Many women struggle with self-confidence and self-identity issues at some point in their lifetime. Deep in our ancestry we have been told, in one form or another, to base who we are and what we look like on what men think of us and what society seems to require of us. It has been a generational struggle for women to emerge in their own right, and determine for our own what and who we want to be, regardless of what society pressures us to be. My aim is to help each and every woman emerge loving themselves for exactly who they are, free of shame, free of comparison, and free to be themselves. Self-love is hard to attain in today’s world with all the pressures that exist, but it is necessary for your own ability to have and hold healthy relationships.

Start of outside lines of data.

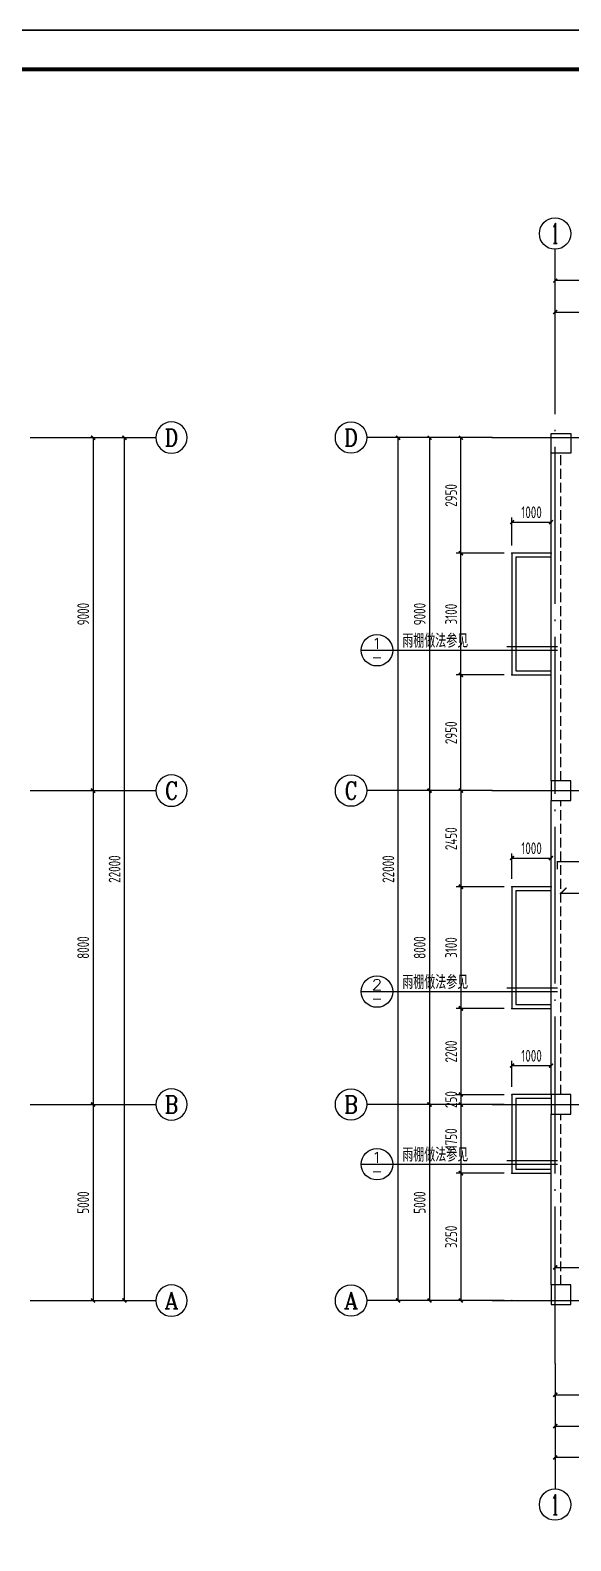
# Model space of a CAD drawing. Extents: x -25044 to 4269, y -48463 to -12228.
# Drawn here: x -11993 to -11855.3, y -24328.6 to -23943.6 of the extents above; entities that cross this region are included whole.
import ezdxf
from ezdxf.enums import TextEntityAlignment as Align

# ---------------------------------------------------------------- set-up
doc = ezdxf.new("R2010")
doc.units = 0
doc.header["$LTSCALE"] = 2000
doc.header["$MEASUREMENT"] = 0
for name, pattern in [('3', [500, 300, -200]), ('DASH', [0.35, 0.25, -0.1]), ('DOTE', [2.42, 2, -0.2, 0.02, -0.2])]:
    doc.linetypes.add(name, pattern=pattern)
doc.layers.get('0').update_dxf_attribs({"linetype": 'CONTINUOUS'})
doc.layers.get('DEFPOINTS').update_dxf_attribs({"linetype": 'CONTINUOUS'})
for name, color, linetype in [('AXIS', 75, 'CONTINUOUS'), ('AXIS_TEXT', 7, 'CONTINUOUS'), ('dim', 7, 'CONTINUOUS'), ('DOTE', 1, 'DOTE'), ('PUB_DIM', 3, 'CONTINUOUS'), ('柱', 2, 'CONTINUOUS'), ('梁', 4, 'CONTINUOUS'), ('梁虚线', 134, '3'), ('楼板正筋钢筋', 24, 'CONTINUOUS'), ('楼板负筋钢筋', 1, 'CONTINUOUS')]:
    doc.layers.add(name, color=color, linetype=linetype)
doc.styles.add('_HZTXT', font='txt.shx', dxfattribs={"width": 0.8, "bigfont": 'HZTXT.shx'})
doc.styles.add('_TCH_AXIS', font='COMPLEX', dxfattribs={"bigfont": 'GBCBIG'})
doc.styles.add('COMP', font='COMPLEX', dxfattribs={"bigfont": 'hztxt'})
doc.styles.add('COMPLEX', font='COMPLEX')
doc.styles.add('GBHZ', font='gbenor.shx', dxfattribs={"width": 0.8, "bigfont": 'gbcbig.shx'})
doc.dimstyles.new('Y100', dxfattribs={"dimscale": 0, "dimtxt": 3, "dimasz": 0.01, "dimexe": 1.2, "dimexo": 2, "dimgap": 1, "dimtad": 1, "dimdec": 0, "dimlfac": 100, "dimzin": 0, "dimdsep": 46, "dimtxsty": 'GBHZ', "dimblk": 'DX', "dimcen": 0.09, "dimdle": 1, "dimclrd": 7, "dimclre": 7, "dimclrt": 7, "dimadec": 0, "dimazin": 0, "dimtfac": 1, "dimtdec": 0, "dimtix": 1, "dimtmove": 2, "dimatfit": 3, "dimldrblk": 'DX', "dimfxl": 0, "dimtolj": 1, "dimtzin": 0, "dimarcsym": 0})

# ---------------------------------------------------------------- blocks, each defined once
blk = doc.blocks.new('_INDEX')
blk.add_line((-0.5, 0), (0.5, 0))
blk.add_circle((0, 0), 0.5)
at = {"style": 'COMP'}
for tag, width, p, p2 in [('1', 2.333333, (-0.17, 0.05), (0.17, 0.05)), ('-', 1.166667, (-0.17, -0.39), (0.17, -0.39))]:
    blk.add_attdef(tag, text='', height=0.34, dxfattribs=dict(at, width=width)).set_placement(p, p2, align=Align.FIT)
blk = doc.blocks.new('_AXISO')
blk.add_circle((0, 0), 0.5)
at = {"layer": 'AXIS_TEXT', "style": 'COMPLEX', "width": 1.041667}
blk.add_attdef('A', text='', height=0.56, dxfattribs=at).set_placement((-0.25, -0.28), (0.25, -0.28), align=Align.FIT)
blk = doc.blocks.new('DX')
at = {"color": 0, "linetype": 'ByBlock', "const_width": 40}
blk.add_lwpolyline([(-54, -51), (46, 49)], dxfattribs=at)
blk = doc.blocks.new('*D205')
at = {"layer": 'DEFPOINTS', "color": 0, "transparency": 16777216}
for p in [(-11993.03, -24047.4), (-11993.03, -24137.4), (-11977.03, -24137.4)]:
    blk.add_point(p, dxfattribs=at)
at = {"layer": 'dim', "color": 7, "lineweight": -2, "transparency": 16777216}
for p, q in [((-11991.03, -24047.4), (-11975.83, -24047.4)), ((-11977.03, -24047.41), (-11977.03, -24137.39)), ((-11991.03, -24137.4), (-11975.83, -24137.4))]:
    blk.add_line(p, q, dxfattribs=at)
at = {"layer": 'dim', "color": 7, "lineweight": -2, "transparency": 16777216, "xscale": 0.01, "yscale": 0.01, "zscale": 0.01}
for p, rotation in [((-11977.03, -24047.4), 90), ((-11977.03, -24137.4), 270)]:
    blk.add_blockref('DX', p, dxfattribs=dict(at, rotation=rotation))
at = {"layer": 'dim', "color": 7, "transparency": 16777216, "insert": (-11979.53, -24092.4), "char_height": 3, "attachment_point": 5, "rotation": 90, "style": 'GBHZ'}
blk.add_mtext('\\A1;9000', dxfattribs=at)
blk = doc.blocks.new('*D206')
at = {"layer": 'DEFPOINTS', "color": 0, "transparency": 16777216}
for p in [(-11993.03, -24137.4), (-11993.03, -24217.4), (-11977.03, -24217.4)]:
    blk.add_point(p, dxfattribs=at)
at = {"layer": 'dim', "color": 7, "lineweight": -2, "transparency": 16777216}
for p, q in [((-11991.03, -24137.4), (-11975.83, -24137.4)), ((-11977.03, -24137.41), (-11977.03, -24217.39)), ((-11991.03, -24217.4), (-11975.83, -24217.4))]:
    blk.add_line(p, q, dxfattribs=at)
at = {"layer": 'dim', "color": 7, "lineweight": -2, "transparency": 16777216, "xscale": 0.01, "yscale": 0.01, "zscale": 0.01}
for p, rotation in [((-11977.03, -24137.4), 90), ((-11977.03, -24217.4), 270)]:
    blk.add_blockref('DX', p, dxfattribs=dict(at, rotation=rotation))
at = {"layer": 'dim', "color": 7, "transparency": 16777216, "insert": (-11979.53, -24177.4), "char_height": 3, "attachment_point": 5, "rotation": 90, "style": 'GBHZ'}
blk.add_mtext('\\A1;8000', dxfattribs=at)
blk = doc.blocks.new('*D207')
at = {"layer": 'DEFPOINTS', "color": 0, "transparency": 16777216}
for p in [(-11993.03, -24217.4), (-11993.03, -24267.4), (-11977.03, -24267.4)]:
    blk.add_point(p, dxfattribs=at)
at = {"layer": 'dim', "color": 7, "lineweight": -2, "transparency": 16777216}
for p, q in [((-11991.03, -24217.4), (-11975.83, -24217.4)), ((-11977.03, -24217.41), (-11977.03, -24267.39)), ((-11991.03, -24267.4), (-11975.83, -24267.4))]:
    blk.add_line(p, q, dxfattribs=at)
at = {"layer": 'dim', "color": 7, "lineweight": -2, "transparency": 16777216, "xscale": 0.01, "yscale": 0.01, "zscale": 0.01}
for p, rotation in [((-11977.03, -24217.4), 90), ((-11977.03, -24267.4), 270)]:
    blk.add_blockref('DX', p, dxfattribs=dict(at, rotation=rotation))
at = {"layer": 'dim', "color": 7, "transparency": 16777216, "insert": (-11979.53, -24242.4), "char_height": 3, "attachment_point": 5, "rotation": 90, "style": 'GBHZ'}
blk.add_mtext('\\A1;5000', dxfattribs=at)
blk = doc.blocks.new('*D208')
at = {"layer": 'DEFPOINTS', "color": 0, "transparency": 16777216}
for p in [(-11993.03, -24047.4), (-11969.03, -24047.4), (-11993.03, -24267.4)]:
    blk.add_point(p, dxfattribs=at)
at = {"layer": 'dim', "color": 7, "lineweight": -2, "transparency": 16777216}
for p, q in [((-11991.03, -24047.4), (-11967.83, -24047.4)), ((-11969.03, -24267.39), (-11969.03, -24047.41)), ((-11991.03, -24267.4), (-11967.83, -24267.4))]:
    blk.add_line(p, q, dxfattribs=at)
at = {"layer": 'dim', "color": 7, "lineweight": -2, "transparency": 16777216, "xscale": 0.01, "yscale": 0.01, "zscale": 0.01}
for p, rotation in [((-11969.03, -24047.4), 90), ((-11969.03, -24267.4), 270)]:
    blk.add_blockref('DX', p, dxfattribs=dict(at, rotation=rotation))
at = {"layer": 'dim', "color": 7, "transparency": 16777216, "insert": (-11971.53, -24157.4), "char_height": 3, "attachment_point": 5, "rotation": 90, "style": 'GBHZ'}
blk.add_mtext('\\A1;22000', dxfattribs=at)
blk = doc.blocks.new('*D209')
at = {"layer": 'DEFPOINTS', "color": 0, "transparency": 16777216}
for p in [(-11779.28, -24015.4), (-11859.28, -24031.4), (-11779.28, -24031.4)]:
    blk.add_point(p, dxfattribs=at)
at = {"layer": 'dim', "color": 7, "lineweight": -2, "transparency": 16777216}
for p, q in [((-11859.28, -24029.4), (-11859.28, -24014.2)), ((-11859.27, -24015.4), (-11779.29, -24015.4)), ((-11779.28, -24029.4), (-11779.28, -24014.2))]:
    blk.add_line(p, q, dxfattribs=at)
at = {"layer": 'dim', "color": 7, "lineweight": -2, "transparency": 16777216, "xscale": 0.01, "yscale": 0.01, "zscale": 0.01, "rotation": 180}
blk.add_blockref('DX', (-11859.28, -24015.4), dxfattribs=at)
at = {"layer": 'dim', "color": 7, "lineweight": -2, "transparency": 16777216, "xscale": 0.01, "yscale": 0.01, "zscale": 0.01}
blk.add_blockref('DX', (-11779.28, -24015.4), dxfattribs=at)
at = {"layer": 'dim', "color": 7, "transparency": 16777216, "insert": (-11819.28, -24012.9), "char_height": 3, "attachment_point": 5, "style": 'GBHZ'}
blk.add_mtext('\\A1;8000', dxfattribs=at)
blk = doc.blocks.new('*D211')
at = {"layer": 'DEFPOINTS', "color": 0, "transparency": 16777216}
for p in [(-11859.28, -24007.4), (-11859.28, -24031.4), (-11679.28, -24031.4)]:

My goal is to provide a safe, sacred and honest place for any woman to understand and release the shame that often exists inside of them, thus allowing them the courage to be strong, competent women.
Dealing with Women’s Issues
Women today are under a great deal of stress. More and more women are entering the workforce, some because they have to, some because they want to. Many are in marriages that they would consider less than ideal. Many are single, some because of divorce, and are tired of the journey that singleness brings. Couples are dealing with infertility, or with the pressure of raising kids. Many women choose to stay in emotionally abusive relationships because they are too afraid to be alone. Stay-at-home moms see “the end” of the road for them as they watch their last child leave home. Our society is full of constant comparisons to other women for what they have or who they are.
All of this leaves women with identity issues, or brings to light the issues that have been there all along, and have not been dealt with. Who am I outside the context of all of these roles? Why have I made the decisions I have? And other questions of the soul that speak loudly.
Relationship therapy can help begin to probe deeper into the understanding of self and soul, so that true self can emerge, making each role, each relationship, each decision more congruent with true self. Women who have low self-esteem, or who tend be overly critical of themselves, are at a disadvantage in the workplace, in school, in social settings, and even in their personal relationships. By focusing on one’s inherent self-worth, rather than constant comparison to others, we can both recognize and heal from feelings of worthlessness and learn to be completely comfortable with who we are.
This kind of self-assurance gives you greater control over both the personal and professional relationships in your life. At Four Winds Counseling Center, I specialize in working with women from adolescence through adulthood. I recognize that many times self-esteem and identity issues started at very young ages. If we can deal with some of the issues at early ages and stages, it will help one to make better decisions both professionally and personally later on in life. My hope through relationship therapy is to help heal the wounds that have affected critical areas of life.